Question: Could cows ultimately be bred to produce skim milk?

The cows are in Beltsville, but some of their mammary glands are with ERRC scientist Harry Farrell. Strange as the image may seem, Farrell periodically drives down to the USDA research farm and transports the frozen tissues back to his Philadelphia lab.

Farrell is analyzing the lactating cell of a cow. He is trying to find out the mechanisms in which fat and protein are produced, so that they may someday be altered to produce milk that is lower in fat but still high in protein.

The two components, explains Farrell, sitting in his office with cow pictures and cans of goat's milk, have a high correlation. That means that when a cow produces milk that is high in fat, it is also high in protein. The reverse is also true. Low fat, low protein. Farrell wants to uncouple them.

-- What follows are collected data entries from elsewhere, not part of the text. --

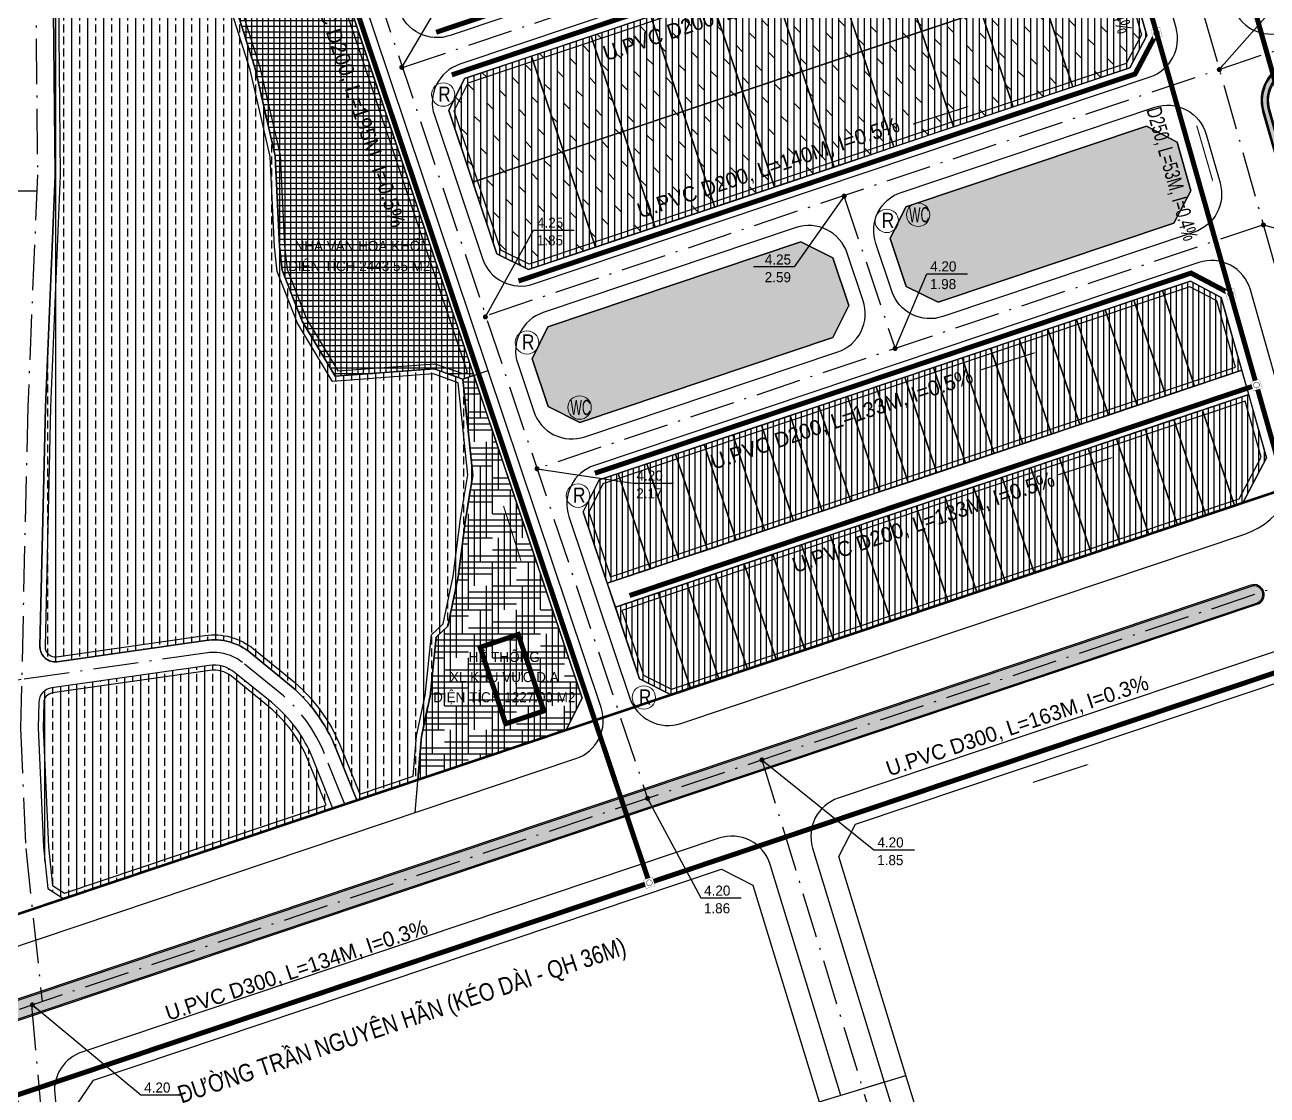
# Model space of a CAD drawing. Header units: metres. Extents: x 566631 to 571358, y 2062953 to 2068466.
# Drawn here: x 568263.9 to 568510.6, y 2065885.7 to 2066098.1 of the extents above; entities that cross this region are included whole.
import ezdxf
from ezdxf.enums import TextEntityAlignment as Align

# ---------------------------------------------------------------- set-up
doc = ezdxf.new("R2010")
doc.units = ezdxf.units.M
for name, pattern in [('ACAD_ISO10W100', [18.5, 12, -3, 0.5, -3]), ('CENTER', [2, 1.25, -0.25, 0.25, -0.25]), ('HIDDEN', [0.375, 0.25, -0.125])]:
    doc.linetypes.add(name, pattern=pattern)
doc.layers.get('0').update_dxf_attribs({"linetype": 'CONTINUOUS'})
doc.layers.add('boDnv', color=54, linetype='CONTINUOUS', lineweight=25)
for name, color, linetype in [('BoThamCo', 94, 'CONTINUOUS'), ('ChiaLo', 128, 'CENTER'), ('dat cong cong', 240, 'CONTINUOUS'), ('datHTKT', 20, 'CONTINUOUS'), ('datOBt', 42, 'CONTINUOUS'), ('datOlienke', 42, 'CONTINUOUS'), ('ddc', 32, 'CONTINUOUS'), ('ghi_chu', 7, 'CONTINUOUS'), ('hacth sdd', 8, 'CONTINUOUS'), ('hatchViaHe+LogDg', 129, 'CONTINUOUS'), ('LogDg', 7, 'CONTINUOUS'), ('LogDg phu', 7, 'CONTINUOUS'), ('loKBT', 42, 'CONTINUOUS'), ('LoLK', 6, 'CONTINUOUS'), ('RANHGIOI', 2, 'HIDDEN'), ('TimDg', 222, 'CONTINUOUS'), ('TNuoc Thai', 7, 'CONTINUOUS'), ('ViaHeS', 32, 'CONTINUOUS'), ('ViaHeSphu', 32, 'CONTINUOUS')]:
    doc.layers.add(name, color=color, linetype=linetype)
doc.styles.add('avantH', font='VHAVAN.ttf', dxfattribs={"height": 10})
doc.styles.add('DIADANH1', font='VHAVAN.ttf', dxfattribs={"height": 2})
doc.styles.add('rms', font='romans.shx', dxfattribs={"width": 0.7, "bigfont": 'vns.shx'})
doc.styles.add('solo', font='VHARIALN.ttf')
doc.styles.add('style1', font='VHARIALN.ttf', dxfattribs={"height": 1.2})
doc.styles.add('STYLE3', font='VHBODO.ttf', dxfattribs={"width": 0.8, "height": 2.2})
doc.linetypes.add('ADL', pattern='A,0.125,-0.15,["++",rms,S=0.5,R=0,X=0,Y=-0.2245],-1.35,1.125', length=2.75)
doc.linetypes.add('TNTN_LINE', pattern='A,0.5,-0.2,["TN",Standard,S=0.1,R=0,X=-0.1,Y=-0.05],-0.25', length=0.95)
doc.dimstyles.new('kichthuocnut', dxfattribs={"dimtxt": 1.1, "dimasz": 0.5, "dimexe": 0.5, "dimexo": 0.5, "dimgap": 0.5, "dimtad": 1, "dimzin": 0, "dimdsep": 46, "dimtxsty": 'solo', "dimblk": 'BOXFILLED', "dimcen": 0.09, "dimdle": 1, "dimclrd": 256, "dimclre": 256, "dimclrt": 7, "dimadec": 0, "dimazin": 0, "dimtfac": 1, "dimtix": 1, "dimtofl": 0, "dimtmove": 1, "dimatfit": 3, "dimldrblk": 'ARCHTICK', "dimfxl": 1, "dimtfill": 1, "dimtfillclr": 2, "dimtolj": 1, "dimtzin": 0, "dimlwd": -1, "dimlwe": -1, "dimarcsym": 0})

# ---------------------------------------------------------------- blocks, each defined once
blk = doc.blocks.new('hg')
at = {"layer": 'TNuoc Thai', "color": 7, "lineweight": 0, "const_width": 0.2}
blk.add_lwpolyline([(-2.5, -2.5), (2.5, -2.5), (2.5, 2.5), (-2.5, 2.5)], close=True, dxfattribs=at)
at = {"lineweight": 0}
blk.add_wipeout([(-2.5, 2.5), (2.5, 2.5), (2.5, -2.5), (-2.5, -2.5)], dxfattribs=at).dxf.layer = 'TNuoc Thai'
at = {"layer": 'TNuoc Thai', "color": 3, "lineweight": 0, "const_width": 0.25}
blk.add_lwpolyline([(-1.625, 0, 1), (1.625, 0, 1)], format="xyb", close=True, dxfattribs=at)

msp = doc.modelspace()

# ---------------------------------------------------------------- hatches: boundary and pattern name
h = msp.add_hatch()
h.set_pattern_fill('DOLMIT', color=40, scale=0.2, angle=90, style=0)
h.set_pattern_definition([(90, (568348.0354, 2066049.5479), (-1.27, 8e-17), []), (135, (568348.0354, 2066049.548), (-2.54, -2.54), [1.79605, -3.5921])])
h.paths.add_polyline_path([(568486.655, 2066096.008), (568483.281, 2066089.608), (568363.911, 2066049.548), (568357.58, 2066052.697), (568348.035, 2066081.138), (568351.185, 2066087.469), (568472.345, 2066128.13), (568478.451, 2066124.911)])
at = {"layer": 'hacth sdd'}
h = msp.add_hatch(dxfattribs=at)
h.set_pattern_fill('BRASS', color=57, scale=0.5, angle=90, style=0)
h.set_pattern_definition([(90, (568266.8794, 2065944.2158), (-3.175, 2e-16), []), (90, (568265.292, 2065944.2158), (-3.175, 2e-16), [1.5875, -0.79375])])
edge = h.paths.add_edge_path()
edge.add_line((568351.367, 2065999.908), (568352.814, 2066008.756))
edge.add_line((568352.814, 2066008.756), (568350.834, 2066027.838))
edge.add_line((568350.834, 2066027.838), (568345.173, 2066029.863))
edge.add_line((568345.173, 2066029.863), (568325.502, 2066028.388))
edge.add_line((568325.502, 2066028.388), (568318.928, 2066039.339))
edge.add_line((568318.928, 2066039.339), (568314.986, 2066049.424))
edge.add_line((568314.986, 2066049.424), (568314.464, 2066054.183))
edge.add_line((568314.464, 2066054.183), (568313.562, 2066072.149))
edge.add_line((568313.562, 2066072.149), (568309.59, 2066089.465))
edge.add_line((568309.59, 2066089.465), (568303.364, 2066109.111))
edge.add_line((568303.364, 2066109.111), (568305.458, 2066122.429))
edge.add_line((568305.458, 2066122.429), (568308.327, 2066126.268))
edge.add_line((568308.327, 2066126.268), (568298.825, 2066158.845))
edge.add_line((568298.825, 2066158.845), (568299.773, 2066167.626))
edge.add_line((568299.773, 2066167.626), (568305.156, 2066171.193))
edge.add_line((568305.156, 2066171.193), (568304.492, 2066173.17))
edge.add_line((568304.492, 2066173.17), (568298.181, 2066176.261))
edge.add_line((568298.181, 2066176.261), (568290.144, 2066173.452))
edge.add_line((568290.144, 2066173.452), (568271.612, 2066163.571))
edge.add_line((568271.612, 2066163.571), (568268.994, 2066159.159))
edge.add_line((568268.994, 2066159.159), (568269.885, 2066068.285))
edge.add_line((568269.885, 2066068.285), (568267.951, 2066022.267))
edge.add_line((568267.951, 2066022.267), (568266.879, 2065974.764))
edge.add_arc((568269.879, 2065974.697), 3, 178.70721, 278.15292)
edge.add_line((568270.304, 2065971.727), (568299.781, 2065975.95))
edge.add_arc((568301.411, 2065964.566), 11.5, 50.86865, 98.15292, ccw=False)
edge.add_line((568308.669, 2065973.487), (568316.054, 2065967.478))
edge.add_arc((568295.544, 2065942.268), 32.5, 21.86287, 50.86865, ccw=False)
edge.add_line((568325.706, 2065954.371), (568329.781, 2065944.216))
edge.add_line((568329.781, 2065944.216), (568341.902, 2065948.284))
edge.add_line((568341.902, 2065948.284), (568342.619, 2065956.87))
edge.add_line((568342.619, 2065956.87), (568344.331, 2065964.884))
edge.add_line((568344.331, 2065964.884), (568345.571, 2065976.577))
edge.add_line((568345.571, 2065976.577), (568347.85, 2065978.769))
edge.add_line((568347.85, 2065978.769), (568349.914, 2065988.549))
edge.add_line((568349.914, 2065988.549), (568351.367, 2065999.908))
at = {"layer": 'hacth sdd', "linetype": 'ByBlock'}
h = msp.add_hatch(dxfattribs=at)
h.set_pattern_fill('NET', color=1, scale=0.35, style=0)
h.set_pattern_definition([(0, (568303.3641, 2066027.8384), (0, 1.11125), []), (90, (568303.3641, 2066027.8384), (-1.11125, 7e-17), [])])
h.paths.add_polyline_path([(568319.027, 2066129.859), (568308.327, 2066126.268), (568305.458, 2066122.429), (568303.364, 2066109.111), (568309.59, 2066089.465), (568313.562, 2066072.149), (568314.464, 2066054.183), (568314.986, 2066049.424), (568318.928, 2066039.339), (568325.502, 2066028.388), (568345.173, 2066029.863), (568350.834, 2066027.838), (568353.019, 2066028.572)])
h.paths.add_polyline_path([(568315.548, 2066047.932), (568345.017, 2066047.932), (568345.017, 2066052.683), (568315.548, 2066052.683)], flags=25)
h.paths.add_polyline_path([(568316.233, 2066052.478), (568344.332, 2066052.478), (568344.332, 2066056.872), (568316.233, 2066056.872)], flags=24)
at = {"layer": 'hacth sdd'}
h = msp.add_hatch(dxfattribs=at)
h.set_pattern_fill('CROSS', color=64, scale=0.05, style=0)
h.set_pattern_definition([(0, (568509.63695, 2066071.72215), (0.3175, 0.3175), [0.15875, -0.47625]), (90, (568509.71632, 2066071.64277), (-0.3175, 0.3175), [0.15875, -0.47625])])
edge = h.paths.add_edge_path()
edge.add_arc((568517.345, 2066083.108), 7.75, 108.5515, 195.84764)
edge.add_line((568509.889, 2066080.991), (568512.418, 2066072.082))
edge.add_arc((568512.899, 2066072.219), 0.5, 195.84764, 285.84764)
edge.add_arc((568512.899, 2066072.219), 0.5, 285.84764, 375.84764)
edge.add_line((568513.38, 2066072.355), (568510.851, 2066081.264))
edge.add_arc((568517.345, 2066083.108), 6.75, 108.5515, 195.84764, ccw=False)
edge.add_line((568515.197, 2066089.507), (568554.765, 2066102.786))
edge.add_arc((568554.606, 2066103.26), 0.5, 288.5515, 378.5515)
edge.add_arc((568554.606, 2066103.26), 0.5, 18.5515, 108.5515)
edge.add_line((568554.447, 2066103.734), (568514.879, 2066090.455))
h = msp.add_hatch(dxfattribs=at)
h.set_pattern_fill('CROSS', color=64, scale=0.05, style=0)
h.set_pattern_definition([(0, (568435.68246, 2066043.07248), (0.3175, 0.3175), [0.15875, -0.47625]), (90, (568435.76183, 2066042.9931), (-0.3175, 0.3175), [0.15875, -0.47625])])
h.paths.add_polyline_path([(568492.029, 2066058.79), (568495.404, 2066065.19), (568492.667, 2066074.832), (568486.561, 2066078.051), (568438.832, 2066062.033), (568435.682, 2066055.702), (568438.864, 2066046.222), (568445.195, 2066043.072)])
h = msp.add_hatch(dxfattribs=at)
h.set_pattern_fill('CROSS', color=64, scale=0.05, style=0)
h.set_pattern_definition([(0, (568364.5796, 2066019.2107), (0.3175, 0.3175), [0.15875, -0.47625]), (90, (568364.65898, 2066019.13133), (-0.3175, 0.3175), [0.15875, -0.47625])])
h.paths.add_polyline_path([(568427.488, 2066042.404), (568424.306, 2066051.884), (568417.975, 2066055.034), (568367.729, 2066038.171), (568364.58, 2066031.84), (568367.761, 2066022.36), (568374.092, 2066019.211), (568424.338, 2066036.073)])
h = msp.add_hatch(dxfattribs=at)
h.set_pattern_fill('ANSI31', color=30, scale=0.35, angle=45, style=0)
h.set_pattern_definition([(90, (568374.7606, 2065987.2827), (-1.11125, 1e-16), [])])
h.paths.add_polyline_path([(568505.517, 2066029.562), (568501.415, 2066044.014), (568495.31, 2066047.233), (568377.91, 2066007.834), (568374.761, 2066001.503), (568379.533, 2065987.283)])
h = msp.add_hatch(dxfattribs=at)
h.set_pattern_fill('HOUND', color=8, scale=0.75, style=0)
h.paths.add_polyline_path([(568353.019, 2066028.572), (568350.834, 2066027.838), (568352.814, 2066008.756), (568351.367, 2065999.908), (568349.914, 2065988.549), (568347.85, 2065978.769), (568345.571, 2065976.577), (568344.331, 2065964.884), (568342.619, 2065956.87), (568341.902, 2065948.284), (568371.37, 2065958.173), (568374.52, 2065964.504)])
h.paths.add_polyline_path([(568351.328, 2065970.304), (568366.806, 2065970.304), (568366.806, 2065975.428), (568351.328, 2065975.428)], flags=24)
h.paths.add_polyline_path([(568347.88, 2065966.442), (568370.253, 2065966.442), (568370.253, 2065970.528), (568347.88, 2065970.528)], flags=24)
h.paths.add_polyline_path([(568344.332, 2065962.367), (568373.801, 2065962.367), (568373.801, 2065967.117), (568344.332, 2065967.117)], flags=24)
h = msp.add_hatch(dxfattribs=at)
h.set_pattern_fill('ANSI31', color=30, scale=0.35, angle=45, style=0)
h.set_pattern_definition([(90, (568381.1238, 2065965.1725), (-1.11125, 1e-16), [])])
h.paths.add_polyline_path([(568505.716, 2066003.259), (568510.44, 2066012.22), (568506.884, 2066024.747), (568381.124, 2065982.543), (568385.896, 2065968.322), (568392.227, 2065965.173)])
h = msp.add_hatch(dxfattribs=at)
h.set_pattern_fill('CROSS', color=64, scale=0.05, style=0)
h.set_pattern_definition([(0, (568124.4922, 2065856.43456), (0.3175, 0.3175), [0.15875, -0.47625]), (90, (568124.5716, 2065856.3552), (-0.3175, 0.3175), [0.15875, -0.47625])])
edge = h.paths.add_edge_path()
edge.add_line((568507.402, 2065986.684), (568218.89, 2065889.861))
edge.add_arc((568219.129, 2065889.15), 0.75, 108.5515, 198.5515)
edge.add_line((568218.418, 2065888.911), (568219.054, 2065887.015))
edge.add_arc((568219.765, 2065887.254), 0.75, 198.5515, 288.5515)
edge.add_line((568220.004, 2065886.543), (568508.515, 2065983.366))
edge.add_arc((568507.958, 2065985.025), 1.75, 288.5515, 468.5515)
h = msp.add_hatch(dxfattribs=at)
h.set_pattern_fill('BRASS', color=57, scale=0.5, angle=90, style=0)
edge = h.paths.add_edge_path()
edge.add_arc((568295.544, 2065942.268), 27.5, 21.86287, 50.86865)
edge.add_line((568312.899, 2065963.6), (568305.514, 2065969.608))
edge.add_arc((568301.411, 2065964.566), 6.5, 50.86865, 98.15292)
edge.add_line((568300.49, 2065971), (568269.202, 2065966.518))
edge.add_arc((568269.627, 2065963.548), 3, 98.15292, 178.70721)
edge.add_line((568266.628, 2065963.616), (568266.515, 2065958.605))
edge.add_line((568266.515, 2065958.605), (568267.551, 2065934.917))
edge.add_line((568267.551, 2065934.917), (568268.427, 2065926.716))
edge.add_line((568268.427, 2065926.716), (568271.59, 2065924.687))
edge.add_line((568271.59, 2065924.687), (568325.032, 2065942.622))
edge.add_line((568325.032, 2065942.622), (568321.066, 2065952.509))

# ---------------------------------------------------------------- linework, layer by layer
at = {"layer": 'boDnv', "color": 10, "linetype": 'ADL', "ltscale": 0.25}
msp.add_lwpolyline([(568269.997, 2066158.889), (568270.885, 2066068.269), (568268.951, 2066022.235), (568267.879, 2065974.742, 0.4633665), (568270.162, 2065972.717), (568299.639, 2065976.94, -0.2092947), (568309.3, 2065974.262), (568316.685, 2065968.254, -0.1272417), (568326.634, 2065954.743), (568330.357, 2065945.464), (568340.961, 2065949.023), (568341.628, 2065957.017), (568343.343, 2065965.042), (568344.615, 2065977.045), (568346.935, 2065979.276), (568348.927, 2065988.716), (568350.378, 2066000.052), (568351.805, 2066008.786), (568349.904, 2066027.109), (568345.036, 2066028.85), (568324.962, 2066027.345), (568318.027, 2066038.897), (568314.007, 2066049.183), (568313.466, 2066054.103), (568312.568, 2066072.011), (568308.624, 2066089.202), (568302.34, 2066109.034)], format="xyb", dxfattribs=at)
for points in [[(568318.397, 2066128.593), (568308.941, 2066125.42), (568306.407, 2066122.029), (568304.389, 2066109.189), (568310.556, 2066089.728), (568314.557, 2066072.287), (568315.461, 2066054.263), (568315.966, 2066049.664), (568319.829, 2066039.781), (568326.042, 2066029.431), (568345.31, 2066030.876), (568350.845, 2066028.897), (568351.753, 2066029.202)], [(568485.584, 2066096.121), (568482.583, 2066090.428), (568363.986, 2066050.628), (568358.396, 2066053.408), (568349.115, 2066081.064), (568351.896, 2066086.653), (568472.258, 2066127.046), (568477.606, 2066124.226)], [(568504.295, 2066030.207), (568500.57, 2066043.329), (568495.222, 2066046.149), (568378.621, 2066007.018), (568375.84, 2066001.429), (568380.163, 2065988.549)], [(568505.018, 2066004.079), (568509.369, 2066012.332), (568506.209, 2066023.466), (568382.39, 2065981.913), (568386.712, 2065969.033), (568392.302, 2065966.252)]]:
    msp.add_lwpolyline(points, close=True, dxfattribs=at)
msp.add_lwpolyline([(568320.138, 2065952.136, 0.1272417), (568312.268, 2065962.824), (568304.883, 2065968.833, 0.2092947), (568300.631, 2065970.011), (568269.343, 2065965.528, 0.3667116), (568267.628, 2065963.593), (568267.515, 2065958.615), (568268.549, 2065934.992), (568269.37, 2065927.299), (568271.726, 2065925.788), (568323.71, 2065943.233)], format="xyb", close=True, dxfattribs=at)
at = {"layer": 'BoThamCo'}
for points in [[(568514.879, 2066090.455, 0.4004581), (568509.889, 2066080.991), (568512.418, 2066072.082, 0.4142136), (568513.036, 2066071.738, 0.4142136), (568513.38, 2066072.355), (568510.851, 2066081.264, -0.4004581), (568515.197, 2066089.507), (568554.765, 2066102.786, 0.4142136), (568555.08, 2066103.419, 0.4142136), (568554.447, 2066103.734)], [(568507.402, 2065986.684), (568218.89, 2065889.861, 0.4142136), (568218.418, 2065888.911), (568219.054, 2065887.015, 0.4142136), (568220.004, 2065886.543), (568508.515, 2065983.366, 1)]]:
    msp.add_lwpolyline(points, format="xyb", close=True, dxfattribs=at)
for points in [[(568492.029, 2066058.79), (568495.404, 2066065.19), (568492.667, 2066074.832), (568486.561, 2066078.051), (568438.832, 2066062.033), (568435.682, 2066055.702), (568438.864, 2066046.222), (568445.195, 2066043.072)], [(568427.488, 2066042.404), (568424.306, 2066051.884), (568417.975, 2066055.034), (568367.729, 2066038.171), (568364.58, 2066031.84), (568367.761, 2066022.36), (568374.092, 2066019.211), (568424.338, 2066036.073)]]:
    msp.add_lwpolyline(points, close=True, dxfattribs=at)
at = {"layer": 'ChiaLo', "ltscale": 5}
for points in [[(568341.359, 2065941.773), (568342.619, 2065956.87), (568344.331, 2065964.884), (568345.571, 2065976.577), (568347.85, 2065978.769), (568349.914, 2065988.549), (568351.367, 2065999.908), (568352.814, 2066008.756), (568350.834, 2066027.838), (568345.173, 2066029.863), (568325.502, 2066028.388), (568318.928, 2066039.339), (568314.986, 2066049.424), (568314.464, 2066054.183), (568313.562, 2066072.149), (568309.59, 2066089.465), (568303.364, 2066109.111), (568305.458, 2066122.429), (568308.327, 2066126.268), (568298.825, 2066158.845), (568299.773, 2066167.626), (568307.745, 2066172.908)], [(568471.987, 2066085.818), (568459.261, 2066123.739)], [(568460.137, 2066081.841), (568447.411, 2066119.762)], [(568448.287, 2066077.864), (568435.56, 2066115.785)], [(568436.436, 2066073.887), (568423.71, 2066111.808)], [(568482.553, 2066110.46), (568352.808, 2066066.918)], [(568424.586, 2066069.91), (568411.859, 2066107.831)], [(568412.735, 2066065.933), (568400.009, 2066103.855)], [(568400.885, 2066061.956), (568388.158, 2066099.878)], [(568389.034, 2066057.979), (568376.308, 2066095.901)], [(568377.184, 2066054.002), (568364.457, 2066091.924)], [(568489.779, 2066045.377), (568496.142, 2066026.416)], [(568484.09, 2066043.468), (568490.453, 2066024.507)], [(568478.402, 2066041.559), (568484.765, 2066022.598)], [(568467.026, 2066037.741), (568473.389, 2066018.78)], [(568472.714, 2066039.65), (568479.077, 2066020.689)], [(568461.337, 2066035.832), (568467.701, 2066016.871)], [(568455.649, 2066033.923), (568462.012, 2066014.962)], [(568449.961, 2066032.014), (568456.324, 2066013.053)], [(568350.834, 2066027.838), (568355.863, 2066029.526)], [(568505.517, 2066029.562), (568379.533, 2065987.283)], [(568444.948, 2066009.236), (568438.584, 2066028.196)], [(568444.273, 2066030.105), (568450.636, 2066011.144)], [(568432.896, 2066026.287), (568439.259, 2066007.327)], [(568506.884, 2066024.747), (568381.124, 2065982.543)], [(568427.208, 2066024.378), (568433.571, 2066005.418)], [(568415.832, 2066020.561), (568422.195, 2066001.6)], [(568421.52, 2066022.469), (568427.883, 2066003.509)], [(568497.732, 2066021.676), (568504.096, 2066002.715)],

He figures he'd better, considering the trends. Consumers are continuing to demand low-fat and skim milk. And all that excess cream being shaved off the whole milk that is eventually made into skim milk is being used to make butter. Farrell anticipates that combined with consumer interest in margarine, we could end up with a butter surplus.

Presently, producers are paid more for milk that contains more fat. If it comes to fruition, Farrell's findings could someday shift the entire economic incentive of dairy producers.